For CLA secsse, a similar function is available, which works in the same way. Borrowing from the example for cla_secsse_loglik, we first prepare our parameters:

set.seed(13)
phylotree <- ape::rcoal(12, tip.label = 1:12)
traits <- sample(c(0, 1, 2),
                 ape::Ntip(phylotree), replace = TRUE)
num_concealed_states <- 3
sampling_fraction <- c(1, 1, 1)
phy <- phylotree
# the idparlist for a ETD model (dual state inheritance model of evolution)
# would be set like this:
idparlist <- secsse::cla_id_paramPos(traits, num_concealed_states)
lambd_and_modeSpe <- idparlist$lambdas
lambd_and_modeSpe[1, ] <- c(1, 1, 1, 2, 2, 2, 3, 3, 3)
idparlist[[1]] <- lambd_and_modeSpe
idparlist[[2]][] <- 0
masterBlock <- matrix(4, ncol = 3, nrow = 3, byrow = TRUE)
diag(masterBlock) <- NA
idparlist[[3]] <- q_doubletrans(traits, masterBlock, diff.conceal = FALSE)
# Now, internally, clasecsse sorts the lambda matrices, so they look like
#  a list with 9 matrices, corresponding to the 9 states
# (0A,1A,2A,0B, etc)

parameter <- idparlist
lambda_and_modeSpe <- parameter$lambdas
lambda_and_modeSpe[1, ] <- c(0.2, 0.2, 0.2, 0.4, 0.4, 0.4, 0.01, 0.01, 0.01)
parameter[[1]] <- prepare_full_lambdas(traits, num_concealed_states,
lambda_and_modeSpe)
parameter[[2]] <- rep(0, 9)
masterBlock <- matrix(0.07, ncol = 3, nrow = 3, byrow = TRUE)
diag(masterBlock) <- NA
parameter[[3]] <- q_doubletrans(traits, masterBlock, diff.conceal = FALSE)

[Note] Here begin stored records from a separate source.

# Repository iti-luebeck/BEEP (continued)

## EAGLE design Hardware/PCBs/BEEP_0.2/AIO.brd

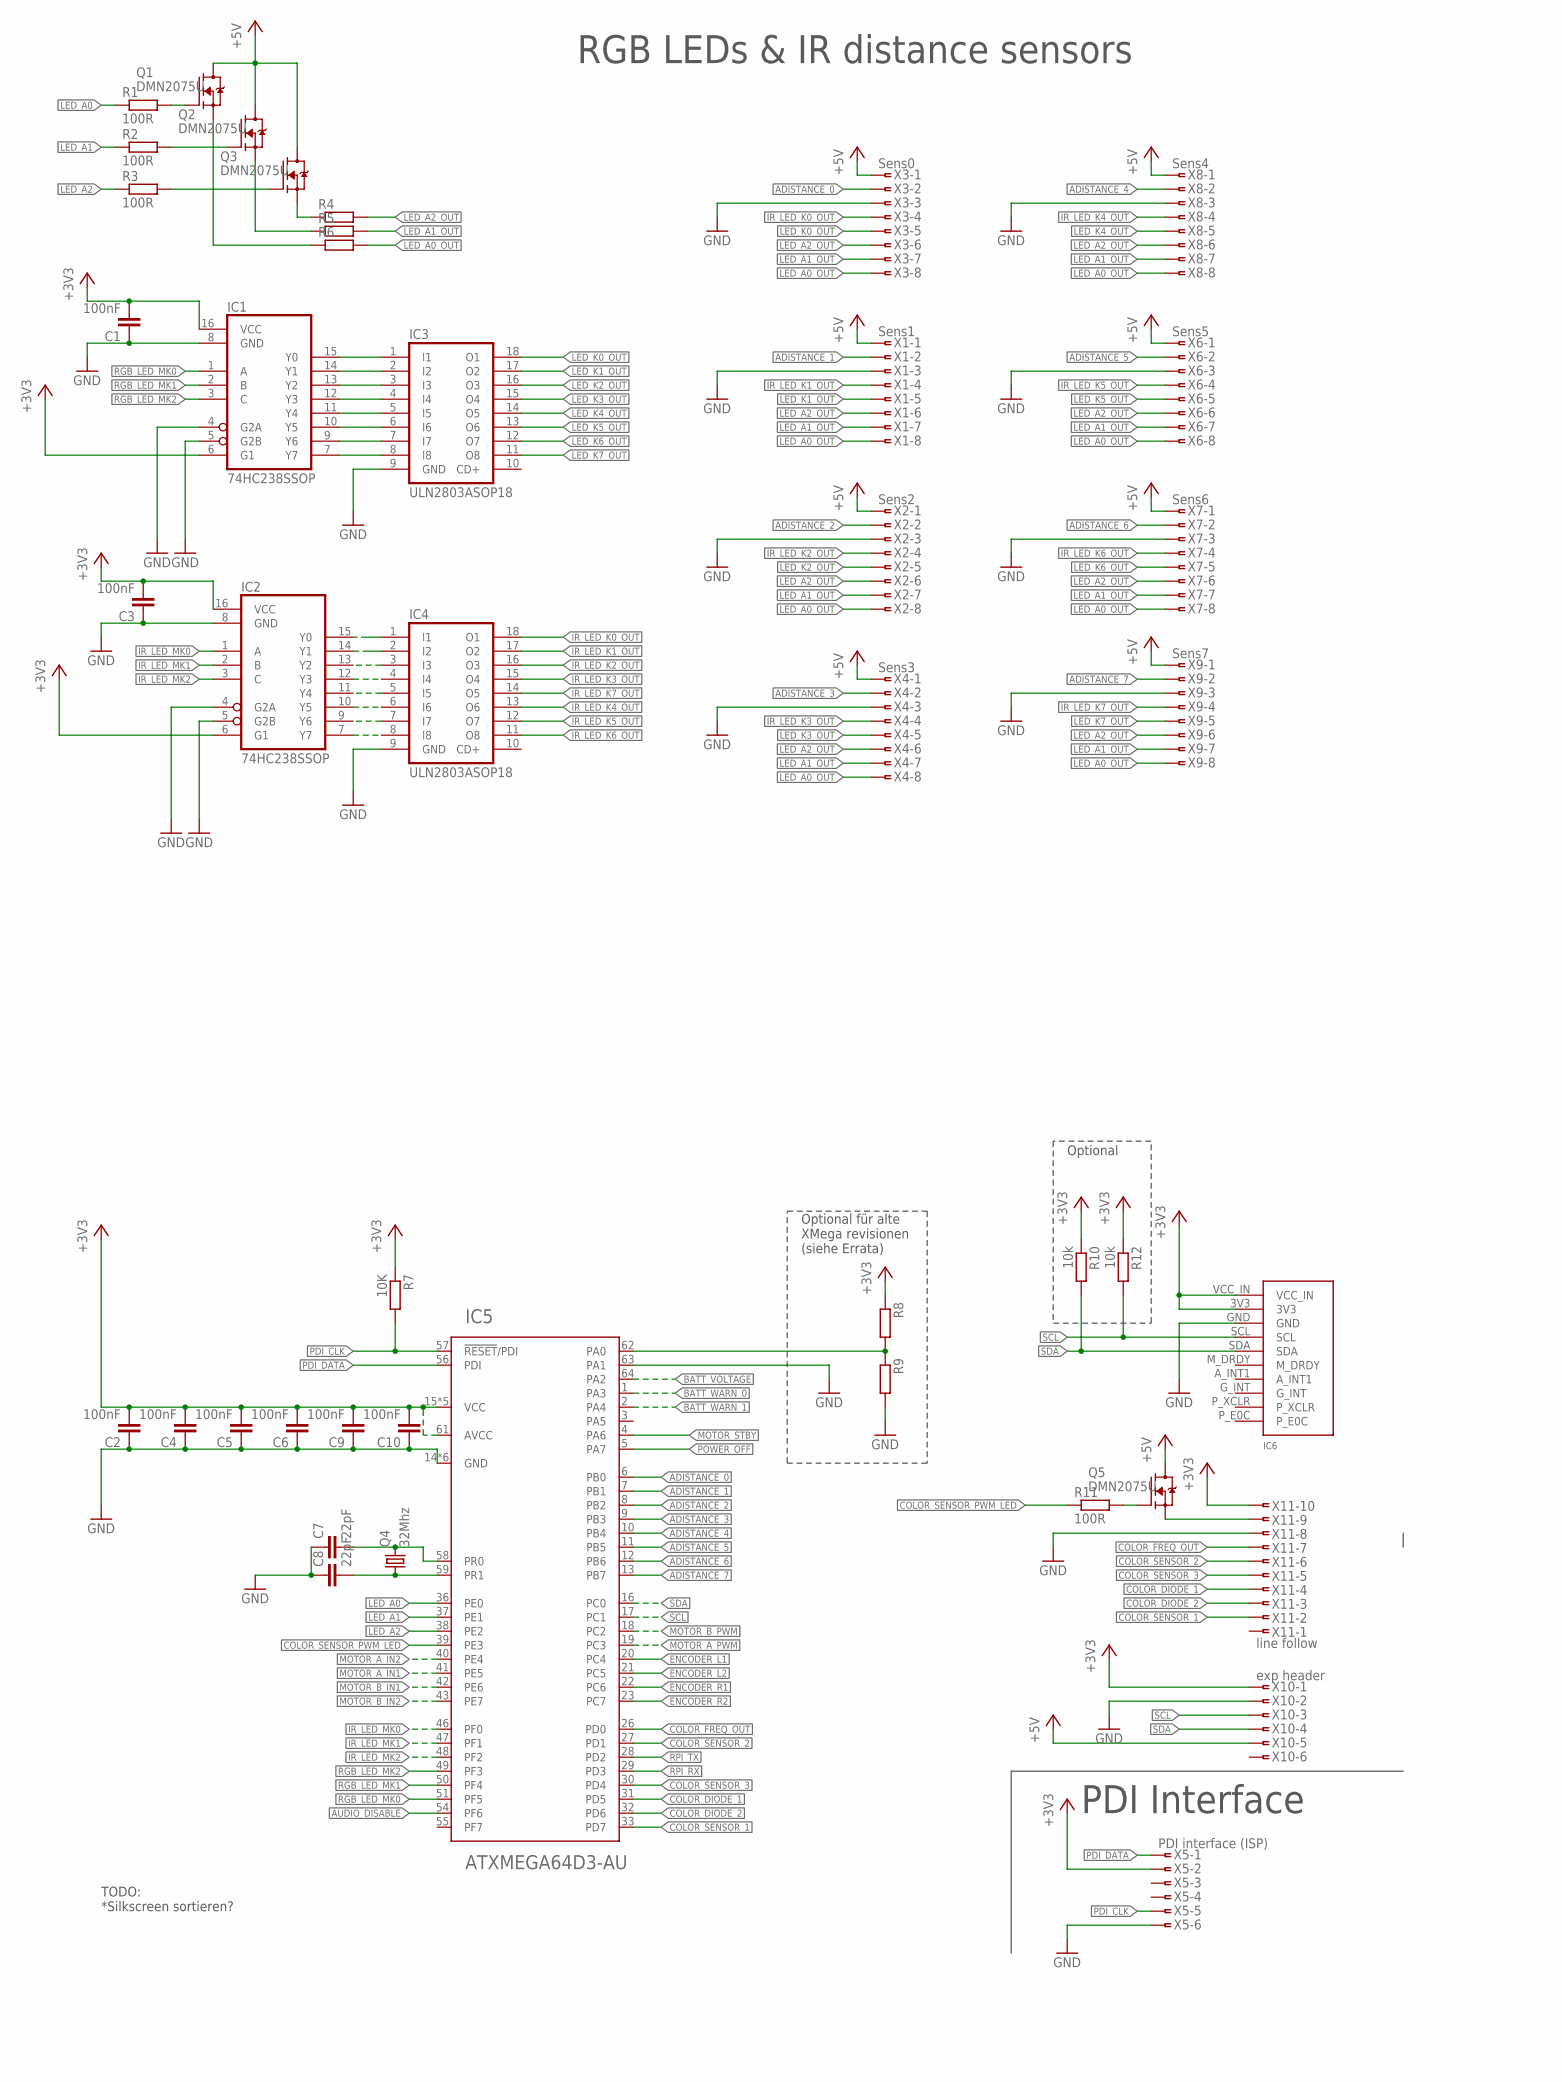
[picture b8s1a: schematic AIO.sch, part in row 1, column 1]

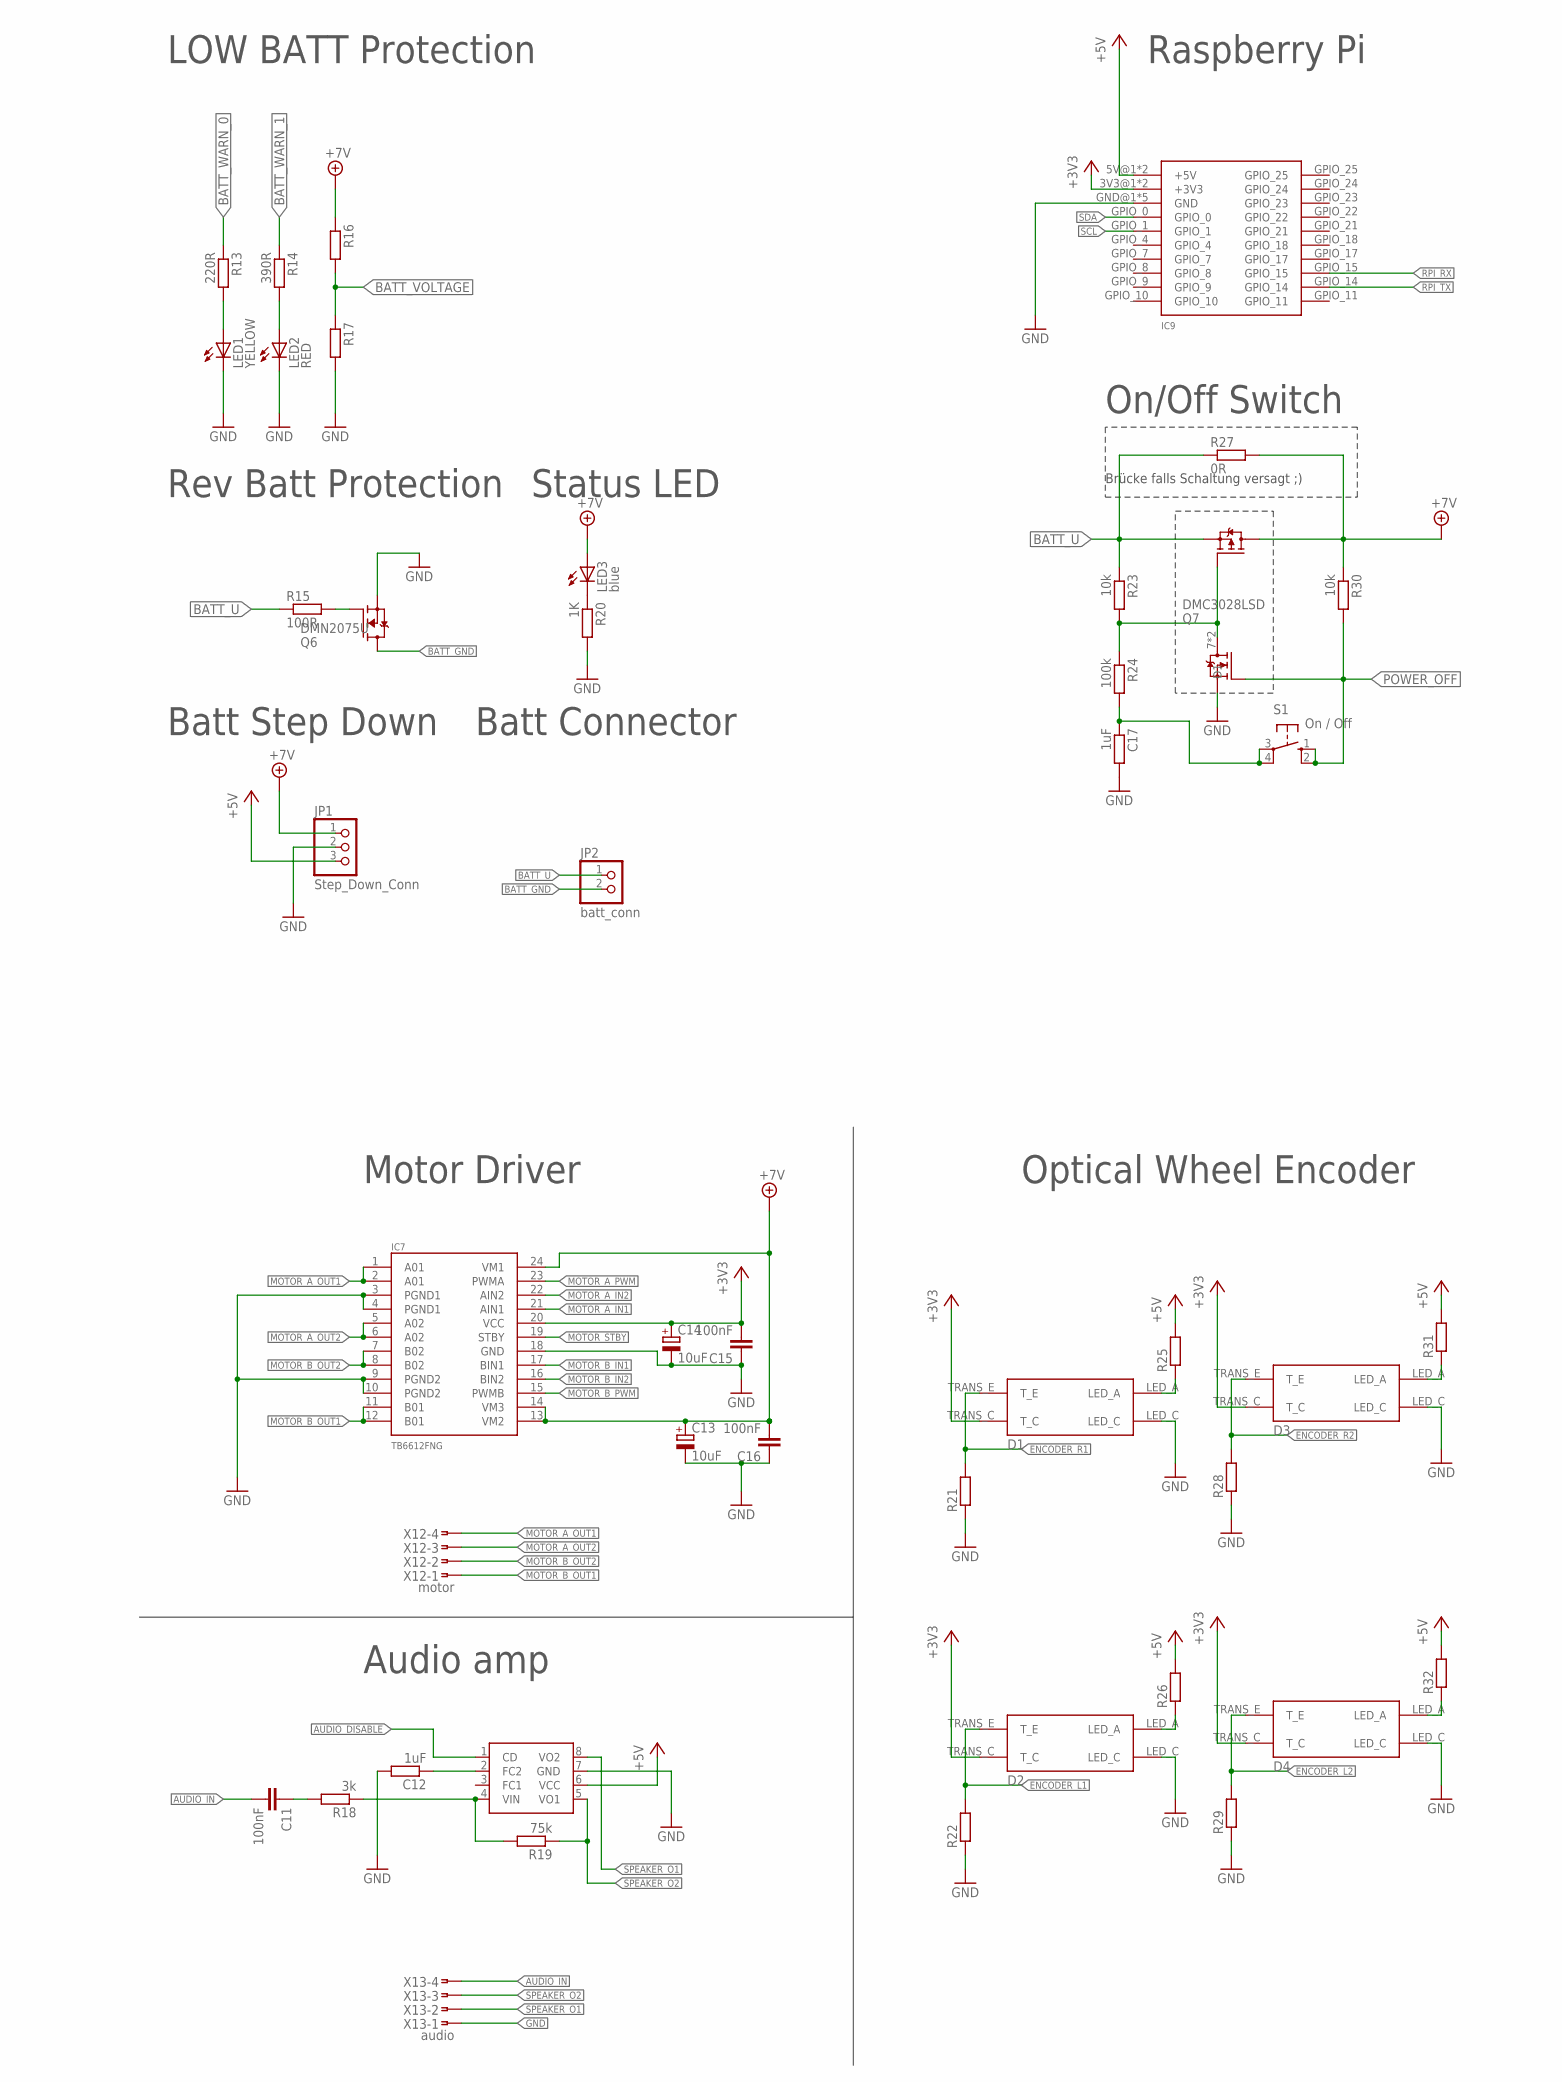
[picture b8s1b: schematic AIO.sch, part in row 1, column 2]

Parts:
C1, C2, C3, C4, C5, C6, C9, C10, C11, C15, C16: 100nF; C0603
C7, C8: 22pF; C0603
C12, C17: 1uF; M0805
C13, C14: 10uF; E2-5
D1, D2, D3, D4: CNY70
IC1, IC2: 74HC238SSOP; SSOP16
IC3, IC4: ULN2803ASOP18; SOP18
IC5: ATXMEGA64D3-AU; TQFP-64A-64
IC6: GY-81
IC7: TB6612FNG; SSOP24
IC8: TS34119SMD; SO08
IC9: RASPBERRY-PI; RASPERRRY-PI
JP1: Step_Down_Conn; 1X03
JP2: batt_conn; 1X02
LED1: YELLOW; CHIPLED_0603
LED2: RED; CHIPLED_0603
LED3: blue; CHIPLED_0603
Q1, Q2, Q3, Q5, Q6: DMN2075U; SOT95P240X112-3N
Q4: 32Mhz; HC18U-V
Q7: DMC3028LSD; SO08
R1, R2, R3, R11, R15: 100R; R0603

Here, we have 9 different states (3 observed states, and 3 hidden states), ordered regularly, e.g.: 0A, 1A, 2A, 0B, 1B, 2B, 0C, 1C, 2C. To observe the change in state 0, we formulate a helper function, noticing that the first 9 states are the extinction rates:

helper_function <- function(x) {
  return(sum(x[c(10, 13, 16)]) / sum(x)) # normalized by total sum, just in case
}

And then we use these for plotting:

secsse::plot_state_exact(parameters = parameter,
                         phy = phy,
                         traits = traits,
                         num_concealed_states = 3,
                         sampling_fraction = sampling_fraction,
                         cond = "maddison_cond",
                         root_state_weight = "maddison_weights",
                         is_complete_tree = FALSE,
                         prob_func = helper_function,
                         num_steps = 10)
## Warning: Removed 22 rows containing missing values (`geom_segment()`).